DESCRIPTION OF THE TASK:
Every line from the one holding "160.2h8.5M238.9 162.6h8.5M238.9 160.9h8.5M238.9" through the one holding "[picture p1: drawing sheet]" in the data below must be returned exactly, both ends included, with pictures left out and nothing else added.

EXTRACTED ENTRIES:
=-=-=-=-=
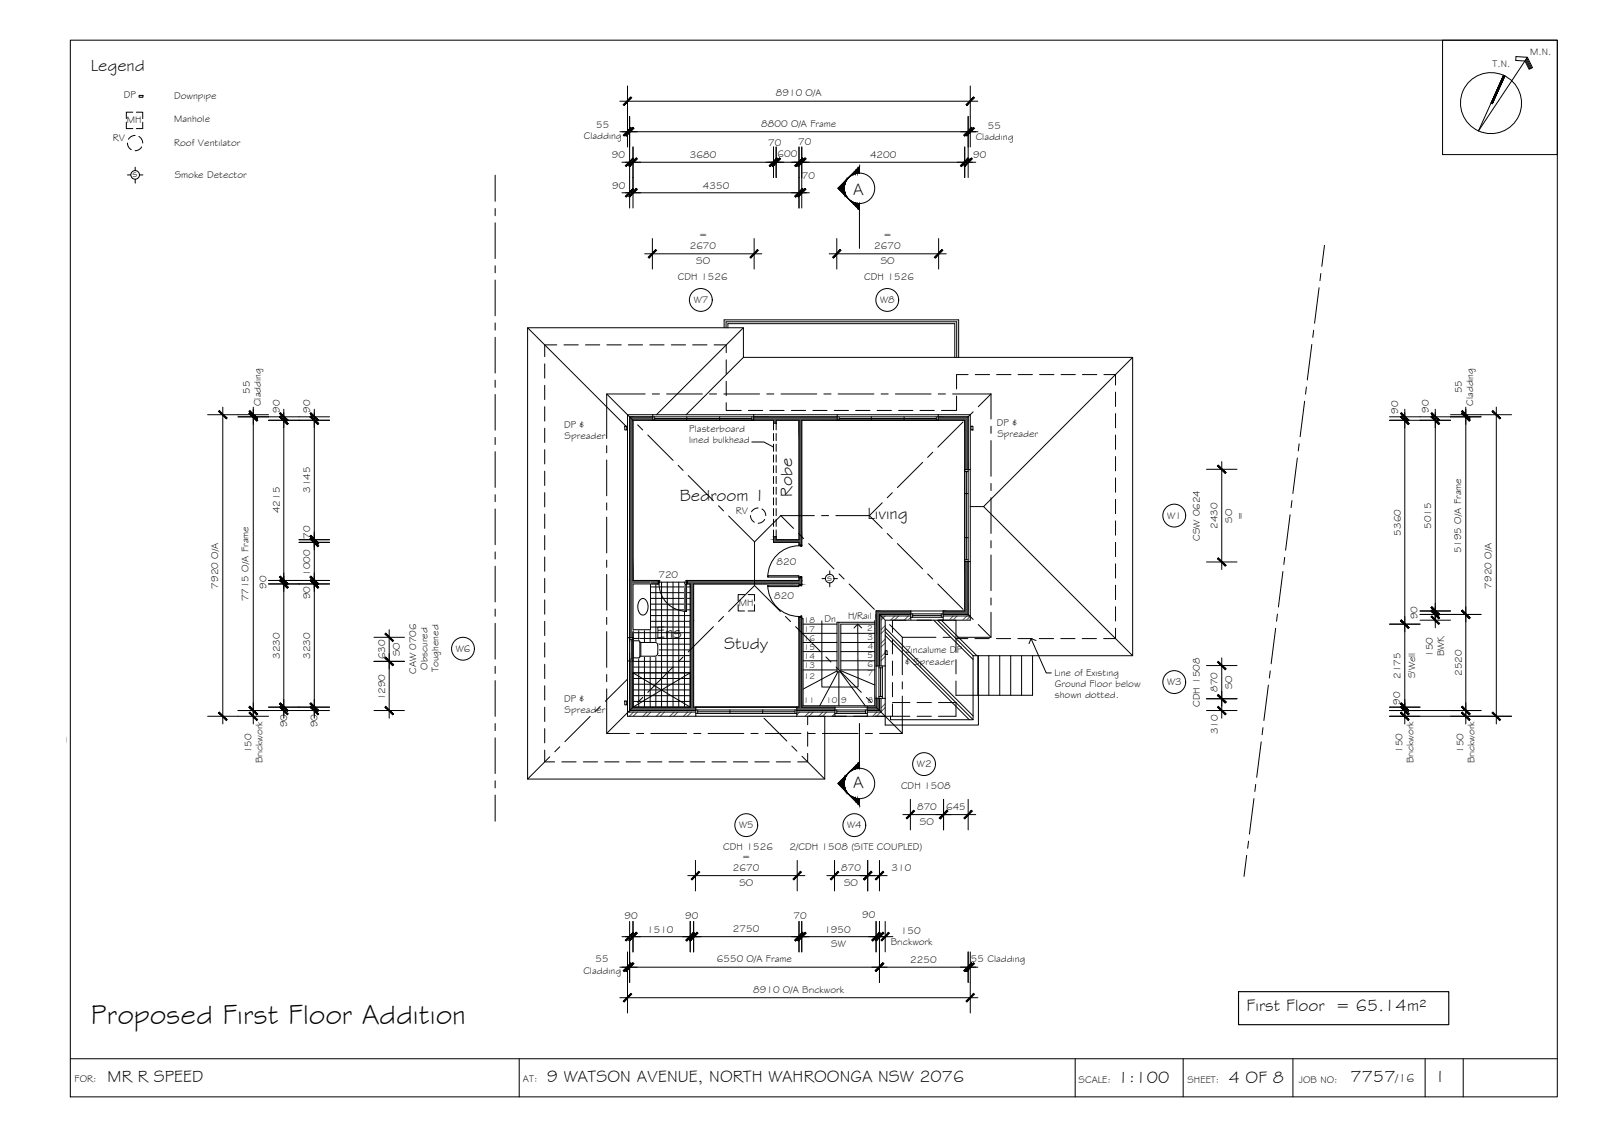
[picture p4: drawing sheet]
<svg xmlns="http://www.w3.org/2000/svg" width="420mm" height="297mm" viewBox="0 0 420 297" stroke-linecap="round" stroke-linejoin="round" font-family="sans-serif">
<!-- layer: HATCH -->
<g fill="#545454" stroke="#545454" stroke-width=".26">
<path d="M209.6 151.5l.7 .7v-.7zM209.6 151.5l.7 .7h-.7z"/>
<path d="M180.3 152.2l30 .9v-.9zM180.3 152.2l30 .9h-30z"/>
<path d="M209.6 153.1l.7 .1v-.1zM209.6 153.1l.7 .1h-.7z"/>
<path d="M181 153.1l.9 9.6v-9.6zM181 153.1l.9 9.6h-.9z"/>
<path d="M209.6 161.8l.7 23.6v-23.6zM209.6 161.8l.7 23.6h-.7z"/>
<path d="M209 185.4l10 .9v-.9zM209 185.4l10 .9h-10z"/>
<path d="M229.8 183.1l.9 2.3v-2.3zM229.8 183.1l.9 2.3h-.9z"/>
<path d="M227.5 185.4l3.2 .9v-.9zM227.5 185.4l3.2 .9h-3.2z"/>
<path d="M253 147.2l.9 13v-13zM253 147.2l.9 13h-.9z"/>
<path d="M247.4 160.2l6.5 .9v-.9zM247.4 160.2l6.5 .9h-6.5z"/>
<path d="M229.8 160.2l9.1 .9v-.9zM229.8 160.2l9.1 .9h-9.1z"/>
<path d="M229.8 161.1l.9 13.5v-13.5zM229.8 161.1l.9 13.5h-.9z"/>
<path d="M165.1 109.3l6.1 .9v-.9zM165.1 109.3l6.1 .9h-6.1z"/>
<path d="M165.1 110.2l.9 42v-42zM165.1 110.2l.9 42h-.9z"/>
<path d="M166 152.2l6.7 .9v-.9zM166 152.2l6.7 .9h-6.7z"/>
<path d="M165.1 152.2l.9 .9v-.9zM165.1 152.2l.9 .9h-.9z"/>
<path d="M165.1 153.1l.9 14.1v-14.1zM165.1 153.1l.9 14.1h-.9z"/>
<path d="M181 162.7l.9 22.7v-22.7zM181 162.7l.9 22.7h-.9z"/>
<path d="M165.1 173.3l.9 12.1v-12.1zM165.1 173.3l.9 12.1h-.9z"/>
<path d="M165.1 185.4l17.4 .9v-.9zM165.1 185.4l17.4 .9h-17.4z"/>
<path d="M246.1 109.3l7.8 .9v-.9zM246.1 109.3l7.8 .9h-7.8z"/>
<path d="M253 110.2l.9 12.9v-12.9zM253 110.2l.9 12.9h-.9z"/>
<path d="M197.7 109.3l21.9 .9v-.9zM197.7 109.3l21.9 .9h-21.9z"/>
<path d="M202.9 110.2l.7 .7v-.7zM202.9 110.2l.7 .7h-.7z"/>
<path d="M209.6 110.2l.7 31.3v-31.3zM209.6 110.2l.7 31.3h-.7z"/>
<path d="M202.9 140.7l.7 .8v-.8zM202.9 140.7l.7 .8h-.7z"/>
<path d="M203.6 141.5l6.7 .7v-.7zM203.6 141.5l6.7 .7h-4.4z"/>
<path d="M202.9 141.5l3 .7-2.3-.7zM202.9 141.5l3 .7h-3z"/>
<path d="M209.6 142.2l.7 .7v-.7zM209.6 142.2l.7 .7h-.7z"/>
</g>
<!-- layer: TILES -->
<g fill="none" stroke="#000" stroke-width=".26">
<path d="M166 153.9h15M166 155.4h15M166 156.9h15M166 158.4h15M166 159.9h15M167.5 153.1v32.3M169 153.1v32.3M170.5 153.1v32.3M172 152.6v32.8M173 152.6h7M173.5 152.6v32.8M175 152.6v32.8"/>
<path d="M176.5 152.6v32.8M178 152.6v32.8M179.5 152.6v32.8M166 161.4h15M166 162.9h15M166 164.4h15M166 165.9h15M166 167.4h15M166 168.9h15M166 170.4h15M166 171.9h15M166 173.4h15"/>
<path d="M166 174.9h15M166 176.4h15M166 177.9h15M166 179.4h15M166 180.9h15M166 182.4h15M166 183.9h15"/>
</g>
<!-- layer: EXISTING -->
<g fill="none" stroke="#000" stroke-width=".26">
<path d="M142.9 95.4v3.7M146 90.4h-3.1v3.1M147.9 90.4h3.8M153.6 90.4h3.7M159.2 90.4h3.7M164.8 90.4h3.7M170.4 90.4h3.8M176.1 90.4h3.7M181.7 90.4h3.7M187.3 90.4h3.2v2M189.9 85.9v-2h61.5v9.8M190.5 94.3v3.8"/>
<path d="M190.5 100v3.7M253.9 98.2h-3v3.8M255.8 98.2h3.7M261.4 98.2h3.8M267 98.2h3.8M272.7 98.2h3.7M278.3 98.2h3.7M283.9 98.2h3.8M289.5 98.2h3.1v2.7M142.9 101v3.8M142.9 106.6v3.8M142.9 112.3v3.7"/>
<path d="M142.9 117.9v3.7M190.5 105.6v2h3.9M196.3 107.6h3.7M201.9 107.6h3.8M207.5 107.6h3.8M213.2 107.6h3.7M218.8 107.6h3.7M224.4 107.6h3.8M230 107.6h3.8M235.7 107.6h3.7M241.3 107.6h3.7M250.9 103.8v3.8h-4"/>
<path d="M292.6 102.8v3.8M292.6 108.4v3.8M292.6 114.1v3.7M292.6 119.7v3.7M142.9 123.5v3.8M142.9 129.2v3.7M142.9 134.8v3.7M292.6 125.3v3.8M292.6 130.9v3.8M292.6 136.6v3.7M142.9 140.4v3.7M142.9 146v3.8"/>
<path d="M142.9 151.7v3.7M142.9 157.3v3.7M292.6 142.2v3.7M292.6 147.8v3.8M292.6 153.4v3.8M292.6 159.1v3.7M142.9 162.9v3.7M142.9 168.5v3.8M142.9 174.2v3.7M142.9 179.8v3.7M234.1 167.7v3.7M234.1 173.3v3.8"/>
<path d="M234.1 178.9v3.8M238.6 162.6h-4.5v3.2M240.5 162.6h3.8M246.1 162.6h4.6v4.8h3.1M250.7 167.4v3.6M250.7 172.9v3.8M255.7 167.4h3.7M256.5 171.9v10.4M259.3 171.9v10.4M261.3 167.4h3.8M262.2 171.9v10.4M265.1 171.9v10.4"/>
<path d="M267 167.4h3.7M267.9 171.9v10.4M270.8 171.9v10.4h-20.1v-3.8M272.6 167.4h3.7M278.2 167.4h3.7M283.8 167.4h3.8M292.6 164.7v2.7h-3.1M142.9 196.7v3h2.6M142.9 185.4v3.8M142.9 191v3.8M147.3 199.7h3.8M153 199.7h3.7"/>
<path d="M158.6 199.7h3.7M164.2 199.7h3.8M169.8 199.7h3.8M175.5 199.7h3.7M181.1 199.7h3.7M186.7 199.7h3.8M192.3 199.7h3.8M198 199.7h3.7M203.6 199.7h3.7M211.8 197.5v2.2h-2.6M211.8 191.9v3.7M216.4 187.8h-4.6v2.2"/>
<path d="M218.3 187.8h3.7M223.9 187.8h3.7M234.1 184.6v3.2h-4.6M234.1 187.8h4.5M234.1 184.2h4.5M240.5 187.8h3.8M240.5 184.2h3.8M246.1 184.2h4.6v3.6h-4.6"/>
</g>
<!-- layer: BORDER -->
<g fill="none" stroke="#000" stroke-width=".26">
<path d="M18.4 10.5h390v277.1h-390zM378.3 10.5h30.1v30h-30.1zM394.7 19.9l-3.3 7.3M400.1 15.7l1.1 2.3M400.3 15.5l1.2 2.4M400.4 15.3l1.3 2.5M400.6 15l1.3 2.7-.9 .5-1-2.2-2.5-.2 .1-1 3 .2-12.8 19.3 6.5-14.6M18.4 277.6h390M136.2 277.6v10M282 277.6v10M310.3 277.6v10M339.1 277.6v10"/>
<path d="M373.8 277.6v10M383.8 277.6v10"/>
<circle cx="391" cy="27" r="8"/>
</g>
<!-- layer: WINDOWS -->
<g fill="none" stroke="#000" stroke-width=".26">
<path d="M171.2 110.2h26.5zM171.2 108.7h26.5M171.2 109.3h26.5M171.7 109.3v.9M171.7 109.7h25.5M180.1 109.3v.9M188.8 109.3v.9M197.2 109.3v.9M219.6 110.2h26.5zM219.6 108.7h26.5M219.6 109.3h26.5M220.1 109.7h25.5"/>
<path d="M220.1 109.3v.9M228.5 109.3v.9M237.1 109.3v.9M245.6 109.3v.9M253 123.6h.9M253 123.1v24.1M253 129.4h.9M253.5 123.6v23.1M253.9 123.1v24.1M254.5 123.1v24.1M253 141h.9M253 146.7h.9"/>
<path d="M164.6 167.2v6.1M165.1 167.2v6.1M165.1 172.8h.9M165.1 167.7h.9M165.6 167.7v5.1M166 167.2v6.1M229.8 174.6v8.5M230.5 174.6v8.5M230.5 175.1h.9M231 175.1v7.5M231.4 174.6v8.5M232.2 174.6v8.5"/>
<path d="M238.9 160.2h8.5M238.9 162.6h8.5M238.9 160.9h8.5M238.9 161.8h8.5M239.4 160.9v.9M239.4 161.4h7.5M246.9 160.9v.9M182.5 185.4h26.5M182.5 187.8h26.5M182.5 186.1h26.5M182.5 187h26.5M183 186.6h25.5"/>
<path d="M183 186.1v.9M191.4 186.1v.9M200 186.1v.9M208.5 186.1v.9M219 185.4h8.5M219 187.8h8.5M219 186.1h8.5M219 187h8.5M219.5 186.1v.9M219.5 186.6h7.5M227 186.1v.9M230.5 182.6h.9"/>
<circle cx="183.8" cy="78.6" r="3"/>
<circle cx="232.7" cy="78.6" r="3"/>
<circle cx="308" cy="135.2" r="3"/>
<circle cx="121.4" cy="170.1" r="3"/>
<circle cx="308" cy="178.8" r="3"/>
<circle cx="195.7" cy="216.3" r="3"/>
<circle cx="224.1" cy="216.3" r="3"/>
<circle cx="242.4" cy="200.3" r="3"/>
</g>
<!-- layer: DIMENSION -->
<g fill="none" stroke="#000" stroke-width=".26">
<path d="M162.6 26.5h93.9M162.6 34.5h93.9M164.6 22.5v16M165.1 30.5v24M166 38.5v16M202.9 38.5v8M203.6 38.5v8M209.6 38.5v16M210.3 38.5v16M253 38.5v8M253.9 30.5v16M254.5 22.5v16"/>
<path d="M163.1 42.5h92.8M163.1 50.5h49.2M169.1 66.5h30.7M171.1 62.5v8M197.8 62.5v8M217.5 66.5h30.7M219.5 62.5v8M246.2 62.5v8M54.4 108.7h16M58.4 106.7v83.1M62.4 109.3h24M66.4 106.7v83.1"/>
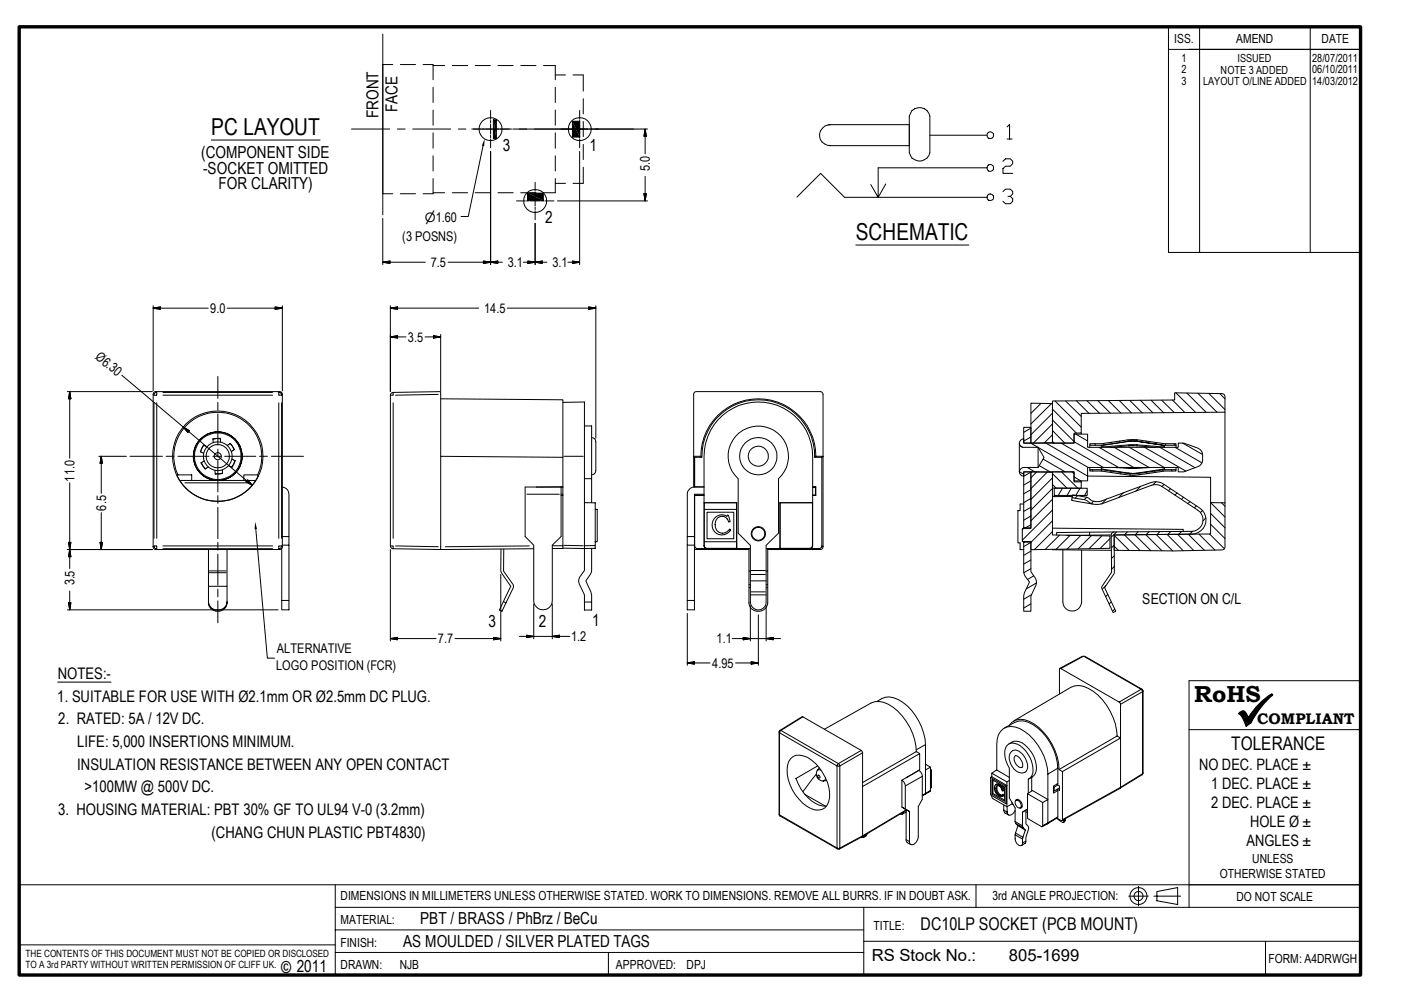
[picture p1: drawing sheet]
<svg xmlns="http://www.w3.org/2000/svg" width="297mm" height="210mm" viewBox="0 0 297 210" stroke-linecap="round" stroke-linejoin="round" font-family="sans-serif">
<g fill="none" stroke="#000" stroke-width=".21">
<path d="M81.2 13.7h2.1M81.2 7.2v38.4M84.9 13.7h3.2M89.7 13.7h2.1v3.2M91.8 18.5v3.2M91.8 13.9h2.5M95.9 13.9h3.3M100.8 13.9h3.2M105.6 13.9h3.2M110.4 13.9h3.2M115.2 13.9h2.5v3M117.7 15.9h2.2"/>
<path d="M117.7 18.5v3.2M121.5 15.9h2.2v3.4M247.7 5.7v47.8zM247.7 10.5h40.8h-36.4M254.3 5.7v47.8M277.8 5.7v47.8M44.8 29.7h23.1M74.5 27.4h8.1M84.2 27.4h1.7M87.5 27.4h8.1M91.8 37.9v3.2h-2.1M91.8 23.3v3.3"/>
<path d="M91.8 28.2v3.2M91.8 33v3.3M97.2 27.4h1.6M100 27.4h8.5M102.4 31l-3.1 14.9h-1.5M104 23.4v1.9M104 25.5v.6M104 26.3v2.1M104 28.7v.5M104 29.4v1.9M104 32.1v24M104.6 25.4h.6v4h-.6z"/>
<path d="M108.7 27.4h28.6M113.5 38.7v1.8M117.7 38.9h2.2M117.7 37.9v3h-2.5M117.7 23.3v3.3M117.7 28.2v3.2M117.7 33v3.3M122.9 25.7h-1.5v3.4h1.5M122.9 23.4v1.9M122.9 25.5v3.7M122.9 29.4v1.9M122.9 32.1v24"/>
<path d="M123.7 20.9v3.2M123.7 25.8v3.2M123.7 30.6v3.2M123.7 35.4v3.5h-2.2M136.8 37.4v5.2l-.3-1.5h.5l-.2 1.5M136.8 27.4l-.3 1.5h.5l-.2-1.5v5.2M136.8 27.4l.2 1.5h-.5zM175.6 26.4h17.2M175.9 30.9h16.9M176.1 26.4a2.23 2.23 0 0 0-2.3 2.2 2.23 2.23 0 0 0 2.3 2.3M187.8 39l-1.6 2.8-1.6-2.7M192.8 24.7a2.21 2.21 0 0 1 2.2-1.9 2.21 2.21 0 0 1 2.1 1.9"/>
<path d="M192.8 24.6v7.8M192.8 32.4a2.22 2.22 0 0 0 2.2 1.8 2.22 2.22 0 0 0 2.1-1.8M197.1 24.6v7.8M197.2 28.7h12.1M209.3 35.6h-23.1v6.2M212.6 34.2l.6-.5h1l.5 .5v.5l-.5 .5h-1l-.6 .5v1.1h2.1M213.5 26.9l.5-.5v3.1M213.5 29.5h1.1M81.2 46.3v9.8M81.2 41.1h2.1M81.2 55.6l1.5-.3v.5zM81.2 55.6l1.5 .2v-.5l-1.5 .3h9"/>
<path d="M84.9 41.1h3.2M91.8 40.9h2.5M95.9 40.9h3.3M100.8 40.9h3.2M102.5 55.3l1.5 .3-1.5 .3zM104 55.6l1.5-.3v.5zM105.6 40.9h3.2M106.5 55.6h-2.5l1.5-.3v.5l-3-.5v.5l1.5-.2h-9M109.5 42.6h1.9M110.4 40.9h3.2M111 55.6h2.5l-1.6 .2v-.5l3.1 .5v-.5l-1.5 .3h2.5M111.6 42.6h.5"/>
<path d="M111.8 40.9h3.4v1.6h-3.4zM111.9 55.3l1.6 .3-1.6 .3zM112.4 42.6h2.1M113.5 47.3v8.8M113.5 40.8v.5M113.5 41.6v2.1M113.5 43.9v.5M113.5 44.7v1.9M113.5 55.6l1.5-.3v.5zM114.8 42.6h.5M115.5 42.6h1.9M118.2 42.6h19.1"/>
<path d="M120.4 55.6h2.5l-1.5 .2v-.5l1.5 .3M121.4 55.3l1.5 .3-1.5 .3zM136.5 41.1h.5l-.2 1.5zM169 41.8l5-5 5.1 5M179.1 41.8h30.2M181.4 52h24M212.6 40.6l.6-.5h1l.5 .5v.5l-.5 .5h-.5M214.2 41.6l.5 .5v.6l-.5 .5h-1l-.6-.5M247.7 53.5h40.8M25.8 79.6l13 10.9 1 1.2 .4-.4-1.4-.8 14.7 12.4-1.3-.8 .3-.4 1 1.2M32.5 64.8v18.1M32.5 65.3l1.5-.2v.5z"/>
<path d="M32.5 65.3l1.5 .3v-.5l-1.5 .2h11.7M46.2 79.8v4.7M58.3 65.1l1.6 .2-1.6 .3zM59.9 64.8v18.1M59.9 65.3l-1.6-.2v.5l1.6-.3h-11.7M82.8 64.8v18.2M82.8 65.3l1.5-.2v.5zM82.8 71.4l1.5-.2v.5zM86.1 71.4h-3.3l1.5-.2v.5l-1.5-.3M90.1 71.4h3.3l-1.5 .3v-.5l1.5 .2M91.9 71.2l1.5 .2-1.5 .3zM93.4 70.9v12"/>
<path d="M101.5 65.3h-18.7l1.5-.2v.5l-1.5-.3M107.6 65.3h18.7l-1.5 .3v-.5l1.5 .2M124.8 65.1l1.5 .2-1.5 .3zM126.3 64.8v28.1M14.3 83h18M14.8 83l-.3 1.6h.5l-.2-1.6v14.2M14.8 83l.2 1.6h-.5zM21 96.7h5.8M21.5 96.7l-.3 1.6h.5l-.2-1.6v7.9M21.5 96.7l.2 1.6h-.5zM27.6 96.7h6.8M32.5 83.6v32.3"/>
<path d="M32.6 85.4v28.7M33.1 83a.47 .47 0 0 0-.5 .3 .47 .47 0 0 0 0 .5h.6M33.1 83l.1 .2v.6M33.1 83h26.2M33.2 83.2l-.5 .2-.1 .3M33.2 85.4v28.7M34.5 83.8h23.3M34.5 83.2h23.3M35.2 96.7h1.7M37.7 96.7h6.6M38.8 90.5l1.4 .8-.4 .4zM42.5 95.8l.7 .3"/>
<path d="M42.5 95.7v.1M42.6 98.2l.9 1.2M42.6 98.1v.1M42.7 98.2l.8 1.1M43.2 94.4l.7 .3M43.2 94.5l-.7 1.2M43.2 94.4l-.7 1.4M43.3 97.7l-.7 .4M43.5 99.4h.1M44.2 99l-.7 .4M45.1 96.7h1.7M45.2 93.1l1.5-.2v.8"/>
<path d="M45.2 93.1v.7M45.2 93v.1M45.6 99.7v.7M46.2 85.3v1.7M46.2 87.8v6.6M46.2 95.2v1.7M46.2 97.7v6.6M46.6 93l-1.4 .1M47.1 99.6l.1 .8-1.6 .1M47.6 96.7h6.6M48.5 98.7l.6 .3M48.9 94l-.7 .5"/>
<path d="M48.9 94.1l.7 1.2M48.9 94l.8 1.3M48.9 94h.1M49.2 97.3l.7 .4-.8 1.3M49.7 95.3h.1M49.7 95.3l-.6 .4M49.8 97.7l-.6 1.3M55 96.7h1.7M57.5 96.7h6.9M59.1 85.4v28.7M59.1 83.2l.3 .1 .3 .4M59.7 85.4v28.7"/>
<path d="M59.9 83.6v32.3M59.9 83.6a.47 .47 0 0 0-.3-.4 .47 .47 0 0 0-.5 0v.5M59.9 83.6l-.2 .2h-.6M82.8 83.8v31.9M83.4 83.2l10-.2v13.7M83.4 83.2v.5M83.4 83.2l-.3 .1-.3 .5h.5M83.4 85.4v28.7M92.9 83.6l-9 .2M93.4 84.6l25.9 .2v12.2M119.3 85.3l4.6-.1v21.4M119.6 96.7h4.1"/>
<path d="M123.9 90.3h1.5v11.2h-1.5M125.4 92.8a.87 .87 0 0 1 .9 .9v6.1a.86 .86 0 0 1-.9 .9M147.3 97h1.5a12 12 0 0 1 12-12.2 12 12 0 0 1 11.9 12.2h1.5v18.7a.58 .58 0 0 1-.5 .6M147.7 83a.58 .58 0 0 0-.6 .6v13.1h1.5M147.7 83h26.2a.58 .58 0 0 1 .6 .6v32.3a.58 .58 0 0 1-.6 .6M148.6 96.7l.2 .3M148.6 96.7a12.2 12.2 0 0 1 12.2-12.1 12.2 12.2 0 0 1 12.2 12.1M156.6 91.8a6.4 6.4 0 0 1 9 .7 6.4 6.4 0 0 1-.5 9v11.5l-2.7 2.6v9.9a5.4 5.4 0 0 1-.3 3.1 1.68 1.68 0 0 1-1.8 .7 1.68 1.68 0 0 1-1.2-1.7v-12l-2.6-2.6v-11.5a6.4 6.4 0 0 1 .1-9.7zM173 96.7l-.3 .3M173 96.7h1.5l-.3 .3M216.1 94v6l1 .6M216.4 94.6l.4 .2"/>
=-=-=-=-=
TASK RESPONSE:
<path d="M238.9 160.2h8.5M238.9 162.6h8.5M238.9 160.9h8.5M238.9 161.8h8.5M239.4 160.9v.9M239.4 161.4h7.5M246.9 160.9v.9M182.5 185.4h26.5M182.5 187.8h26.5M182.5 186.1h26.5M182.5 187h26.5M183 186.6h25.5"/>
<path d="M183 186.1v.9M191.4 186.1v.9M200 186.1v.9M208.5 186.1v.9M219 185.4h8.5M219 187.8h8.5M219 186.1h8.5M219 187h8.5M219.5 186.1v.9M219.5 186.6h7.5M227 186.1v.9M230.5 182.6h.9"/>
<circle cx="183.8" cy="78.6" r="3"/>
<circle cx="232.7" cy="78.6" r="3"/>
<circle cx="308" cy="135.2" r="3"/>
<circle cx="121.4" cy="170.1" r="3"/>
<circle cx="308" cy="178.8" r="3"/>
<circle cx="195.7" cy="216.3" r="3"/>
<circle cx="224.1" cy="216.3" r="3"/>
<circle cx="242.4" cy="200.3" r="3"/>
</g>
<!-- layer: DIMENSION -->
<g fill="none" stroke="#000" stroke-width=".26">
<path d="M162.6 26.5h93.9M162.6 34.5h93.9M164.6 22.5v16M165.1 30.5v24M166 38.5v16M202.9 38.5v8M203.6 38.5v8M209.6 38.5v16M210.3 38.5v16M253 38.5v8M253.9 30.5v16M254.5 22.5v16"/>
<path d="M163.1 42.5h92.8M163.1 50.5h49.2M169.1 66.5h30.7M171.1 62.5v8M197.8 62.5v8M217.5 66.5h30.7M219.5 62.5v8M246.2 62.5v8M54.4 108.7h16M58.4 106.7v83.1M62.4 109.3h24M66.4 106.7v83.1"/>
[picture p1: drawing sheet]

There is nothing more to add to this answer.